What uDraw needs to realise its full potential

4 mins read
My awesome uDraw colouring book art!

The uDraw game tablet is a pretty impressive little gadget, and THQ has landed on a product that is proven at retail shelves.

As it is, though, it’s also a device whose potential currently outstrips the reality. There are some very big things that we would like to see added to, or altered regarding the software available on the tablet before it’s an absolute must have. Unfortunately, some of those updates or additions would never justify the expense of putting together additional retail software. Thankfully, by harnessing DLC or PSN/ XBLA for cheap software downloads, it’s still easy to hope we might see some good things happen there.

The first, and most important one, is that THQ implements a better way to export your completed art work. As nice as it is to have a website set up to show off your art works to the world, mandating that you go through the World of uDraw site is a very clunky way of doing things. A simple bit of free DLC to include an “export to email” option will fix this.

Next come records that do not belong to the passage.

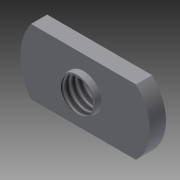
# Autodesk Inventor part: 3786_economy_slide_tnuts
Saved by Autodesk Inventor 2014 (Build 180170000, 170)
## iProperties
Created: 2014-10-05
Part Number: 3786_economy_slide_tnuts
Material: Generic
Document SubType Name: Modeling
Designer: Matthew
Density: 1 g/cm^3
Appearance: Default
Author: Matthew
Autodesk Inventor part; units mm, degrees
ref_plane "YZ Plane" through (0, 0, 0) normal (1, 0, 0) x (0, 1, 0)
ref_plane "XZ Plane" through (0, 0, 0) normal (0, 1, 0) x (-1, 0, 0)
ref_plane "XY Plane" through (0, 0, 0) normal (0, 0, 1) x (1, 0, 0)
sketch "Sketch1" plane through (0, 0, 0) normal (0, 0, 1) x (1, 0, 0)
  line L0 (-10.3124, -6.4135) -> (10.3124, -6.4135)
  line L1 (10.3124, -6.4135) -> (10.3124, 6.4135) construction
  line L2 (10.3124, 6.4135) -> (-10.3124, 6.4135)
  line L3 (-10.3124, 6.4135) -> (-10.3124, -6.4135) construction
  line L4 (-10.3124, -6.4135) -> (10.3124, 6.4135) construction
  line L5 (10.3124, -6.4135) -> (-10.3124, 6.4135) construction
  arc A0 (10.3124, -6.4135) -> (10.3124, 6.4135) centre (4.1562, 0) ccw
  arc A1 (-10.3124, 6.4135) -> (-10.3124, -6.4135) centre (-1.4224, 0) ccw
  point P0 (0, 0)
  dimension "d0" = 12.827
  dimension "d1" = 8.89
  dimension "d2" = 8.89
  dimension "d3" = 1.4224
  constraints: 12 end point, 4 point on circle, 2 centre point, 2 midpoint, 2 parallel, 1 horizontal, 1 perpendicular
  measures "d0" distance between parallel lines of L0 L2
  measures "d1" radius of A0
  measures "d2" distance from line of L3 A1.centre
  measures "d3" distance of point (0, 0) A1.centre
extrude "Extrusion1" add sketch "Sketch1" along normal blind 3.175
sketch "Sketch2" plane through (0, 0, 0) normal (0, 0, -1) x (-1, 0, 0)
  circle A0 centre (0, 0) radius 3.175
  dimension "d6" = 6.35
  constraints: 1 centre point, 1 coincident
  measures "d6" diameter of A0
extrude "Extrusion2" cut sketch "Sketch2" against normal blind 5.08
sketch "Sketch3" plane through (0, 0, 3.175) normal (0, 0, 1) x (1, 0, 0)
  circle A0 centre (0, 0) radius 3.175 projected
  circle A1 centre (0, 0) radius 3.556
  dimension "d9" = 7.112
  constraints: 1 centre point, 1 coincident
  measures "d9" diameter of A1
extrude "Extrusion3" add sketch "Sketch3" along normal blind 1.27
thread "Thread1" size "1/4-20 UNC" class "2B" standard "ANSI Unified Screw Threads" full length
equation "\"d2\" = d1"
body "Solid1"

Another way THQ could go about that is build in upload support for some of the more established art sites. Partnerships with Deviantart or Flickr to bring some social networking to the experience would help. Art is, after all, a social experience first and foremost, and most people who would be interested in a drawing tablet would already have Deviantart accounts.

It would be good if THQ, or a content partner, could make more useful art lessons, too. Perhaps people could download “packs” of them, or THQ could publish a range of art lessons covering a variety of different art styles – portraits, cartoons, etc. Simply giving a casual artist or complete newcomer a full suite of art tools with bare bones tutorials doesn’t do a great job at encouraging them to practice. As a newbie myself, I know this from experience.

Another potential for the tool and software is in animation. On the Nintendo DSi, a little free downloadable called “Flipnote Studio,” despite being incredibly limited, was a monster hit for the DSi. The Flipnote community on Hatena (which hosts anyone’s Flipnotes) is still popular and well-supported, with people making short, basic animations.

There’s no reason that basic idea couldn’t be built out for uDraw, with (preferably) a YouTube export option.

The stylus-and-tablet setup also opens the door for a wide range of creative software to make the move to the PSN. Also on the DSi/ 3DS is a range of music-creation software called “Rytmik.” While you don’t make the music yourself, by arranging and creating samples within the application you can end up with some pretty interesting music tracks. This is something you wouldn’t want to use a regular controller for (it’s too clunky), and holding a Move controller to create full length tracks would be tiring in the extreme. uDraw tablet would be a natural solution to both issues.

There’s a lot of potential for uDraw to be more than a basic art program with some silly games attached to it (unfortunately what happened to the Wii game). The potential is there for a full suite of creativity that, because it’s fun to do on a console, would get people making stuff on their TVs.

We can only hope THQ realises this potential and makes use of PSN to enable it.